__Exercise instructions__:
If a line in the records below holds the string "symbols", count it; give only the total.

__Data for the task__:
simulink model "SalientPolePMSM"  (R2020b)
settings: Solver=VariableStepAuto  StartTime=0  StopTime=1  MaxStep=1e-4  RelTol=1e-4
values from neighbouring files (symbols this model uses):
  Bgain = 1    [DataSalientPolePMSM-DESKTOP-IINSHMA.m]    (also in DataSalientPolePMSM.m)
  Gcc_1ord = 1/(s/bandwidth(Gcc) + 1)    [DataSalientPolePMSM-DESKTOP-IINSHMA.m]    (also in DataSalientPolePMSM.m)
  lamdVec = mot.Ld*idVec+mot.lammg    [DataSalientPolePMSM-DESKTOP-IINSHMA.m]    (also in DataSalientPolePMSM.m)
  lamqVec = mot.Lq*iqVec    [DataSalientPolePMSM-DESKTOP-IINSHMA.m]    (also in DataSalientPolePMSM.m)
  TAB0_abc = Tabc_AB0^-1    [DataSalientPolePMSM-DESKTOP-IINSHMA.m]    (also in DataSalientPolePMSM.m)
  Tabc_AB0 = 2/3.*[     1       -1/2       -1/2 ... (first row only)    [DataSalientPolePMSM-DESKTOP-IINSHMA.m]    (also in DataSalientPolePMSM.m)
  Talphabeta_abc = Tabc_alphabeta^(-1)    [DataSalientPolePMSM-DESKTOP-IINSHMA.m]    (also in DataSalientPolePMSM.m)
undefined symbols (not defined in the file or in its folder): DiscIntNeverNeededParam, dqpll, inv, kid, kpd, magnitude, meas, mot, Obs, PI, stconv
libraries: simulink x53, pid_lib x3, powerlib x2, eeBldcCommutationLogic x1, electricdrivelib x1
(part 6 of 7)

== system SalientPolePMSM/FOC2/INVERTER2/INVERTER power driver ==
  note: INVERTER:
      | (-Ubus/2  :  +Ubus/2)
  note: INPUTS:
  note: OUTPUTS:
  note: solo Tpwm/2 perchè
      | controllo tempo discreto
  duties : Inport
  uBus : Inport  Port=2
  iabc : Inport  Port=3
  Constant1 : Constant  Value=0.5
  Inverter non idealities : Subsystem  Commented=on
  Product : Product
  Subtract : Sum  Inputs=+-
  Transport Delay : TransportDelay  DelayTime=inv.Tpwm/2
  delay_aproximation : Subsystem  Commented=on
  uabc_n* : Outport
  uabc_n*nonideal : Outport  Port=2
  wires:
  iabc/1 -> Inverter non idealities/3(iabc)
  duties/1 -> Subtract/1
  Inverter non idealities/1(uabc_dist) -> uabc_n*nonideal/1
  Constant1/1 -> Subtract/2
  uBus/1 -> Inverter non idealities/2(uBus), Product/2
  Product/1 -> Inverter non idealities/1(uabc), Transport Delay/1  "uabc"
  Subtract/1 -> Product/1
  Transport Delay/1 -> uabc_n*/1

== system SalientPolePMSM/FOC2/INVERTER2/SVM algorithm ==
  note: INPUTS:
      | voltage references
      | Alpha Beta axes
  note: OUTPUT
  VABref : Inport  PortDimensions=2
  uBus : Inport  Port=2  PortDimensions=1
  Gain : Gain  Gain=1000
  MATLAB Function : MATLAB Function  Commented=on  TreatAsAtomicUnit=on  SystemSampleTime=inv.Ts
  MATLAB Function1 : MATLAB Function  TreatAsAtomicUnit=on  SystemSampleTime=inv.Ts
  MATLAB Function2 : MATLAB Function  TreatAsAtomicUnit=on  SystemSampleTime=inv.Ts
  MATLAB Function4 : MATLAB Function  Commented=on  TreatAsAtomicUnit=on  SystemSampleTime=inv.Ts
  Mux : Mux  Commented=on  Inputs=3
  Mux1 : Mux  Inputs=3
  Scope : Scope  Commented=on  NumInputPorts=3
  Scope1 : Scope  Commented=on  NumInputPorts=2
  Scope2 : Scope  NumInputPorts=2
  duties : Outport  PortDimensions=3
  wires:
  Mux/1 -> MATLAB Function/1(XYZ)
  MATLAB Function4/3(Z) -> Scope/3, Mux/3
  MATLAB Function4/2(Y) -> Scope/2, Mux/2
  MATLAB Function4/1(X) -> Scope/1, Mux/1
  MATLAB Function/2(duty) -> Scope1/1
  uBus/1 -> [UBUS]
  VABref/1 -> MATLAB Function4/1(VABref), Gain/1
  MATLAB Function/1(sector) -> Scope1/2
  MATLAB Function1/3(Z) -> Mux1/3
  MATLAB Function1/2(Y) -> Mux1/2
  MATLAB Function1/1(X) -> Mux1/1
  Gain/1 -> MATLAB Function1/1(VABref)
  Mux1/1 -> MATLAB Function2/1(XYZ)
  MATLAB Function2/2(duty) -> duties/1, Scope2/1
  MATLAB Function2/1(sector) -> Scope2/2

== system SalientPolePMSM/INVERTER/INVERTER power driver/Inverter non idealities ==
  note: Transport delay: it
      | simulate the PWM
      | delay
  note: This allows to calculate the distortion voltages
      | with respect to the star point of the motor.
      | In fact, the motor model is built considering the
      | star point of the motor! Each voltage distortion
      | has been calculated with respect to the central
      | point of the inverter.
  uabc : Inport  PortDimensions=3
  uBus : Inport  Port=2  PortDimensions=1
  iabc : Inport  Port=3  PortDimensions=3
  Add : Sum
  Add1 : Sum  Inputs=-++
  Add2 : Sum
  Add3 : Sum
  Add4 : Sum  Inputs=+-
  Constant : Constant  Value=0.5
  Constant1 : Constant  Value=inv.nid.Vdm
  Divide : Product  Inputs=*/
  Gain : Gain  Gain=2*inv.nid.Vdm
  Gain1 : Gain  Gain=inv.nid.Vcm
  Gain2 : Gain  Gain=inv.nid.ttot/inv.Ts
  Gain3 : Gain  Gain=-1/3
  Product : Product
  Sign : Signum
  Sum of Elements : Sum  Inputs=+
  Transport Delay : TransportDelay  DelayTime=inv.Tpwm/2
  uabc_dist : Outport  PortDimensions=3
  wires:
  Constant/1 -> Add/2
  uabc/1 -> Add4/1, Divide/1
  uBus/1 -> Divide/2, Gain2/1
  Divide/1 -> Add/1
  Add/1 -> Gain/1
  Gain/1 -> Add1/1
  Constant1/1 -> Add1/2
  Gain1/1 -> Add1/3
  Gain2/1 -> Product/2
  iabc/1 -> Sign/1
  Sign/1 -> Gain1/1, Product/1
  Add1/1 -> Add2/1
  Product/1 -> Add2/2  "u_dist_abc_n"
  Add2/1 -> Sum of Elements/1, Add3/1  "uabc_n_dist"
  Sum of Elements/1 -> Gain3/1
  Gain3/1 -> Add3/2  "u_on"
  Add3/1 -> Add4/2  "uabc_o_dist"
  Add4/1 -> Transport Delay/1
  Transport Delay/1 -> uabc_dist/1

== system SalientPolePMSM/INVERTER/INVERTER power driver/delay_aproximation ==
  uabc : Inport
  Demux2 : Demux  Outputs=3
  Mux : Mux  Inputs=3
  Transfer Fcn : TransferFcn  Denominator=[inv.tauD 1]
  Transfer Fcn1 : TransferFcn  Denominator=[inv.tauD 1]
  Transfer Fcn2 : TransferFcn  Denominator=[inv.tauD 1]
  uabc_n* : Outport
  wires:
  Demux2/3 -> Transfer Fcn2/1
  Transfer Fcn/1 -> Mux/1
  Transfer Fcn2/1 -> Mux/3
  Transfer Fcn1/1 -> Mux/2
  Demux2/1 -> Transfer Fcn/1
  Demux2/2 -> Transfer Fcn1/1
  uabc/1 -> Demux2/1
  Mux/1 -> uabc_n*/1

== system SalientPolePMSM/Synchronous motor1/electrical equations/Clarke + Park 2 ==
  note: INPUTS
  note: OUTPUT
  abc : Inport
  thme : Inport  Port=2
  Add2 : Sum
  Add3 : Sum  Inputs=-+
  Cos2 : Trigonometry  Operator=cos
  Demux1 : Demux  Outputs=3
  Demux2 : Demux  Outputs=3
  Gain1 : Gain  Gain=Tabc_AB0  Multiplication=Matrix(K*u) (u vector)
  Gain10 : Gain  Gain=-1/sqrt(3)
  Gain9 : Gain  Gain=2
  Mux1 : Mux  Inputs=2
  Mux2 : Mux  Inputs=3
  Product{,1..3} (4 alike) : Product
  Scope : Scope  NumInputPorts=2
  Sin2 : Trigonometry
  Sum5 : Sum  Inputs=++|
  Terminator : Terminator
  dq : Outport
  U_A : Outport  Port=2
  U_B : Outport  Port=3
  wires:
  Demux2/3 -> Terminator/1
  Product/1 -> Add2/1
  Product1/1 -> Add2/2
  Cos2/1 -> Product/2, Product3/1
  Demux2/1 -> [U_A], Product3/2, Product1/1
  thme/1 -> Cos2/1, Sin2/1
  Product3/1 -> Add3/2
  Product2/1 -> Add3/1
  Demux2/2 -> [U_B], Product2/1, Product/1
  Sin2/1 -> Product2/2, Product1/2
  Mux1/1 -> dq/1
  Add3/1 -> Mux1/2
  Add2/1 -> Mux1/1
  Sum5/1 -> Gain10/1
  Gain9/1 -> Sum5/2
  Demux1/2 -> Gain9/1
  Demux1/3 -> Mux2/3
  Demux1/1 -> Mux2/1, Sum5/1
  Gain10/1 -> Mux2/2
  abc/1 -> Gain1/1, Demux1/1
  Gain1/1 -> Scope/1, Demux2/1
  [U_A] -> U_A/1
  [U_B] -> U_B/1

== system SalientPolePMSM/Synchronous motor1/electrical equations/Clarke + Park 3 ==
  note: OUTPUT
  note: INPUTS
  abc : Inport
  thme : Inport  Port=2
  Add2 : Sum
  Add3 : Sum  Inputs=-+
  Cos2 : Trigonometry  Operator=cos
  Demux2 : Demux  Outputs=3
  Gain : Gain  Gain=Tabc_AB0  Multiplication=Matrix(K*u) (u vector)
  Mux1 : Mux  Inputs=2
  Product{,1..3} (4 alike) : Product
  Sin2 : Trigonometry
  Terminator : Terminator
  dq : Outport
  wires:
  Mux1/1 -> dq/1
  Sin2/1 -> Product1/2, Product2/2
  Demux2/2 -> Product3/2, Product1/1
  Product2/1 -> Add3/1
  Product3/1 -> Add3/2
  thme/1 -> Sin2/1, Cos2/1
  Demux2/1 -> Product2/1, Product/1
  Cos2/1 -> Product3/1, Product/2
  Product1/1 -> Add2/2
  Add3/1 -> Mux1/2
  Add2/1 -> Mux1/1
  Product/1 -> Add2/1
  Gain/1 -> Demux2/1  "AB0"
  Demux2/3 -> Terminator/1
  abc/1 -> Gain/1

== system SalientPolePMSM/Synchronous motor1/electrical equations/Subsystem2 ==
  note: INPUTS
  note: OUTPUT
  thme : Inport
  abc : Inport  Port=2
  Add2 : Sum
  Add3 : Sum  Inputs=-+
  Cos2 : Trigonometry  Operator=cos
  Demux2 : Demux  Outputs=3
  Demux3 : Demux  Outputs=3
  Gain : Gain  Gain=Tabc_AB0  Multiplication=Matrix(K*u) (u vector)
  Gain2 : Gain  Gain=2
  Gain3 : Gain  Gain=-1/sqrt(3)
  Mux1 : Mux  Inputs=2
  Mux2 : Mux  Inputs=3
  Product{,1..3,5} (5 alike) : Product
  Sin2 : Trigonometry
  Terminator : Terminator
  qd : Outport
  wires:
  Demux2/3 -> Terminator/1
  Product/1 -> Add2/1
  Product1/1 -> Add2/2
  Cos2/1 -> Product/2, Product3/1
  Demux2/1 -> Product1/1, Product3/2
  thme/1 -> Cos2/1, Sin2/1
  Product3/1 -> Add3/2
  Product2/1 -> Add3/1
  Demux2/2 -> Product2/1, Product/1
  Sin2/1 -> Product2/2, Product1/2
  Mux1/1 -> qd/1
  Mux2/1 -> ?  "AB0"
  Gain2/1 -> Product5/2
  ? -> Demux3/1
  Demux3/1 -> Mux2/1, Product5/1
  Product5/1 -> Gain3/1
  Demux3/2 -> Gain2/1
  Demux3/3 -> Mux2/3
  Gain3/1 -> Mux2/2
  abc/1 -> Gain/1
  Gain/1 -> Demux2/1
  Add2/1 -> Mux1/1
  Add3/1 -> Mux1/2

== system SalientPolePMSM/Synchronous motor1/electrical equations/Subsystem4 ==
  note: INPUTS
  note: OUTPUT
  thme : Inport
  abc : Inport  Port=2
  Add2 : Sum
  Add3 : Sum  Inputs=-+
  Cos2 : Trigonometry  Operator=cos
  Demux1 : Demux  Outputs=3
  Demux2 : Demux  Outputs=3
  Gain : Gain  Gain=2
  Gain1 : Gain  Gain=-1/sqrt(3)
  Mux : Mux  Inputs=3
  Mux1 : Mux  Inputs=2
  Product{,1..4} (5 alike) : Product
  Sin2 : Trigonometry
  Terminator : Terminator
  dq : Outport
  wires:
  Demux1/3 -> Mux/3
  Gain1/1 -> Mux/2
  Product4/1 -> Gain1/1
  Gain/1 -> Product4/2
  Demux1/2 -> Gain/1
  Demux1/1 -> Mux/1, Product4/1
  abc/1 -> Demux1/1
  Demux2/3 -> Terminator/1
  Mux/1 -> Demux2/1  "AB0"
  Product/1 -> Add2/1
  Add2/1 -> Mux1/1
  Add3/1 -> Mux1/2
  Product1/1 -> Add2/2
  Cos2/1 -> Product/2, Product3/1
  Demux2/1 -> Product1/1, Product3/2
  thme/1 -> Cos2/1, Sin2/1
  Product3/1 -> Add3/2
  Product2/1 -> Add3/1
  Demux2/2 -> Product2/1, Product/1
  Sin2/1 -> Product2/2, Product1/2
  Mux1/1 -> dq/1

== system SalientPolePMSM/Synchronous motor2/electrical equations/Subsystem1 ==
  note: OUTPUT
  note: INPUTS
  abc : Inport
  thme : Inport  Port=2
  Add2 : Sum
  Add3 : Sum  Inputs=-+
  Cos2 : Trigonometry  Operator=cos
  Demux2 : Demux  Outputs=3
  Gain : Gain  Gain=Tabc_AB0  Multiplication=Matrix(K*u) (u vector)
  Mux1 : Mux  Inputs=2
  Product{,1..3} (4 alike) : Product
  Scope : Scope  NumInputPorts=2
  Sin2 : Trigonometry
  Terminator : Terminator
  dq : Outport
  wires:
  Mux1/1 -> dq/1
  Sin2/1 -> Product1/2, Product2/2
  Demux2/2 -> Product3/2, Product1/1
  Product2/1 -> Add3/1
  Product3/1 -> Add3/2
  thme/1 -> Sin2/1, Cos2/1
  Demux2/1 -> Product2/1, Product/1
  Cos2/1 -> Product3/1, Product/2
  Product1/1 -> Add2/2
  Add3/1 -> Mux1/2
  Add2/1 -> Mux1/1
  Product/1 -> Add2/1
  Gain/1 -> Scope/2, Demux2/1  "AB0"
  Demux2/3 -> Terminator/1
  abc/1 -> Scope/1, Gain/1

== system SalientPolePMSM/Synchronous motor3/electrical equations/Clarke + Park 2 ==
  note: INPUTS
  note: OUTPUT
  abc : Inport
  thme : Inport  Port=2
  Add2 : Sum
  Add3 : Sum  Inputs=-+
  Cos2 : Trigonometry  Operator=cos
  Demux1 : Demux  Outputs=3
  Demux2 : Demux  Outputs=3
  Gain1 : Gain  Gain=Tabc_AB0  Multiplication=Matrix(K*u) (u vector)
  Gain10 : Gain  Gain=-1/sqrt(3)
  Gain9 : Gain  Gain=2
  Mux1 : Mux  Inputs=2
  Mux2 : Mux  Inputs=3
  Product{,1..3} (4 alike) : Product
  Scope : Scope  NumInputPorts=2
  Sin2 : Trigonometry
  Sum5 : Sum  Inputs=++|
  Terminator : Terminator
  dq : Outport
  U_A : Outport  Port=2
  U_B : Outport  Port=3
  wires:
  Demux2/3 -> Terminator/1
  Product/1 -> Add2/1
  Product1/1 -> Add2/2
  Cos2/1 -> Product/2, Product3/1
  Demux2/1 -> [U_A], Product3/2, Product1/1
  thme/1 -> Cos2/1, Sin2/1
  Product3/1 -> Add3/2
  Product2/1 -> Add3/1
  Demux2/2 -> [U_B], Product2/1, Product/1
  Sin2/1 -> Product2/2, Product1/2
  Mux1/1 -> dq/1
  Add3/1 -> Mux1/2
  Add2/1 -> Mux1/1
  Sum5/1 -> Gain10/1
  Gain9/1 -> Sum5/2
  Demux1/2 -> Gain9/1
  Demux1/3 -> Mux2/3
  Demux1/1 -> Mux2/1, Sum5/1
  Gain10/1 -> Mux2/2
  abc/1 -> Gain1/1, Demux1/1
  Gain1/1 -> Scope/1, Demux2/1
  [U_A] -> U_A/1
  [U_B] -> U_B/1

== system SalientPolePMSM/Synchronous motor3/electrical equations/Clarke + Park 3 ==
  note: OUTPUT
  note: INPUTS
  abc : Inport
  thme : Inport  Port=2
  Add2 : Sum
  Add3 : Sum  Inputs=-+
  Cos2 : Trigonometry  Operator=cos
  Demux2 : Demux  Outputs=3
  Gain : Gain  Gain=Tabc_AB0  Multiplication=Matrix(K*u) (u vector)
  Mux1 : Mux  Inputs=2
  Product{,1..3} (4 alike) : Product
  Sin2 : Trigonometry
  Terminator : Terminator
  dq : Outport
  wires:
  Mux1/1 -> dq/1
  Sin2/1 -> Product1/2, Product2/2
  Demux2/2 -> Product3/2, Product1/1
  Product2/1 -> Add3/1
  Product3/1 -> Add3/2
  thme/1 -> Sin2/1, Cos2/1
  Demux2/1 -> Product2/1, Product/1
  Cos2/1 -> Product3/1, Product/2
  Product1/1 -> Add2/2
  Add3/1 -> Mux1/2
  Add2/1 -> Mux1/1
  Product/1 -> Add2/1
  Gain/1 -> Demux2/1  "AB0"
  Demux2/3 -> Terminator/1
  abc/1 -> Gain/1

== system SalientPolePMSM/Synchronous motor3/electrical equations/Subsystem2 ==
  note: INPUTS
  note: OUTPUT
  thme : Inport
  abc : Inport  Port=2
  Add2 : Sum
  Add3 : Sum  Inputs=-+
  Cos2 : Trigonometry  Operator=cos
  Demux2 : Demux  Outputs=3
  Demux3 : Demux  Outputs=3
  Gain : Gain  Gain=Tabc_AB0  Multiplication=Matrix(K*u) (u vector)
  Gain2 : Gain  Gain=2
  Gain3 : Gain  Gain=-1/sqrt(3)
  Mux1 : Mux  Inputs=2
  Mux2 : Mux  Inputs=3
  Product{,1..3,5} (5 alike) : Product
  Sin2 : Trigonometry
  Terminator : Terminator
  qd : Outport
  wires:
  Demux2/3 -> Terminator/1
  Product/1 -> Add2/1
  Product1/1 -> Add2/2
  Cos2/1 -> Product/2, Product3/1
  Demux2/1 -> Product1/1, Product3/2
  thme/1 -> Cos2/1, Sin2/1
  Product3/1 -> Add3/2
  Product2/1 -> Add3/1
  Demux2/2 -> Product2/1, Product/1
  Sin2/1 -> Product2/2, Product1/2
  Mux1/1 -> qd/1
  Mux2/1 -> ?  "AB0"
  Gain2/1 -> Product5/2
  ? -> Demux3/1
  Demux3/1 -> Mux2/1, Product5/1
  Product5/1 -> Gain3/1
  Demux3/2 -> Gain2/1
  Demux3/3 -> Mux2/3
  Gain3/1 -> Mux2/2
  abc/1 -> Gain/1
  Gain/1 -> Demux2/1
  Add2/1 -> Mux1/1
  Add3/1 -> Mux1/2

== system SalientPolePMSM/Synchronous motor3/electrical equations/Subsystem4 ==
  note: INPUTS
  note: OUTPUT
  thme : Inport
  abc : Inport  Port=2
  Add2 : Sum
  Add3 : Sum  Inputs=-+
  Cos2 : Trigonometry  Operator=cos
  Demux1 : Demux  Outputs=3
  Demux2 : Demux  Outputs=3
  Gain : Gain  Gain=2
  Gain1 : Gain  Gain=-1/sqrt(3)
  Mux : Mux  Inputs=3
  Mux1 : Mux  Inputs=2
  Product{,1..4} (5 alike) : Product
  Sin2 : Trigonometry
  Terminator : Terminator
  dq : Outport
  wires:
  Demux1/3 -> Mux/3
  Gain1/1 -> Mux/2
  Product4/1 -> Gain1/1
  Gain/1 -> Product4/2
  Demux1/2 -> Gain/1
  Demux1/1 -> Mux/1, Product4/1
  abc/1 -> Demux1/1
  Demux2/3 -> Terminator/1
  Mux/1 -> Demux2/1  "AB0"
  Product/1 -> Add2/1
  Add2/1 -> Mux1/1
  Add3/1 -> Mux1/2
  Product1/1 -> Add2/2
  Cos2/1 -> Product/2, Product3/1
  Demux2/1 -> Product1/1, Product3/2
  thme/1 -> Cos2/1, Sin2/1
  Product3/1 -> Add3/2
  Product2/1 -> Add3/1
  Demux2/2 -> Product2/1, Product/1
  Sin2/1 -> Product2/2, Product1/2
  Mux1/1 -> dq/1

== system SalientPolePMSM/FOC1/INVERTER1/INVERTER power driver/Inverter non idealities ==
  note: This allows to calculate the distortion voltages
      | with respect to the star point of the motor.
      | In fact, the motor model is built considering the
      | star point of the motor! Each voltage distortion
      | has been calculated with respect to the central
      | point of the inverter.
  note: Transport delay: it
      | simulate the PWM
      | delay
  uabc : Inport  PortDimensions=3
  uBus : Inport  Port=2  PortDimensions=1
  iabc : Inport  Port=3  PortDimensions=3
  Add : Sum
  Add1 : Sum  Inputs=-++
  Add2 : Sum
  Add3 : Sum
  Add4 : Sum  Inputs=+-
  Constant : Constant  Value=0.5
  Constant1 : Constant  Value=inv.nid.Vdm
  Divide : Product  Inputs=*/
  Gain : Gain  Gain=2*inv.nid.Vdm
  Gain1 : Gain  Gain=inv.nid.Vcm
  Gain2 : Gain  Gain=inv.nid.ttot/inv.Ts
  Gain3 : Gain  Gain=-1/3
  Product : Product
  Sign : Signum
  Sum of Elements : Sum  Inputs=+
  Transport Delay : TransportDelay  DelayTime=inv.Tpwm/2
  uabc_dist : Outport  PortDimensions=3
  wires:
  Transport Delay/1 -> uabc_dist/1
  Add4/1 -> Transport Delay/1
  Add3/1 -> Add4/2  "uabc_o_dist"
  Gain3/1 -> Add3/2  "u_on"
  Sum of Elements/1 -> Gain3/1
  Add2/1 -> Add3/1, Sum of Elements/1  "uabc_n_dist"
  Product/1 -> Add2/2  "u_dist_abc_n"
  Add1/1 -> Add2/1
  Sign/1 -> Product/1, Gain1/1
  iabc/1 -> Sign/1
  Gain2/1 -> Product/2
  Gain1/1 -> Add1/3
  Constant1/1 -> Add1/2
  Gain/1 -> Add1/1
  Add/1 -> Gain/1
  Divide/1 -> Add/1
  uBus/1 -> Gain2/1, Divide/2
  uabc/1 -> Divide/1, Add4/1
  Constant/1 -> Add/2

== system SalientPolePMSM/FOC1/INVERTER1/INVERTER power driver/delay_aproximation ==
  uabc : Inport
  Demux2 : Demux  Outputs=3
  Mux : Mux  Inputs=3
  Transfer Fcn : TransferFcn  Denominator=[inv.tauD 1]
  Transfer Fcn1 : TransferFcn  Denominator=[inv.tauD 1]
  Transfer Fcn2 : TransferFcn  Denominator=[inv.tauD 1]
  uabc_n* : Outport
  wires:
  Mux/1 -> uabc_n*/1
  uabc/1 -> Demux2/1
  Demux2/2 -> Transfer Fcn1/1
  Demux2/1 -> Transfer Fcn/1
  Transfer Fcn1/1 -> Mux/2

__Result of this task__:
2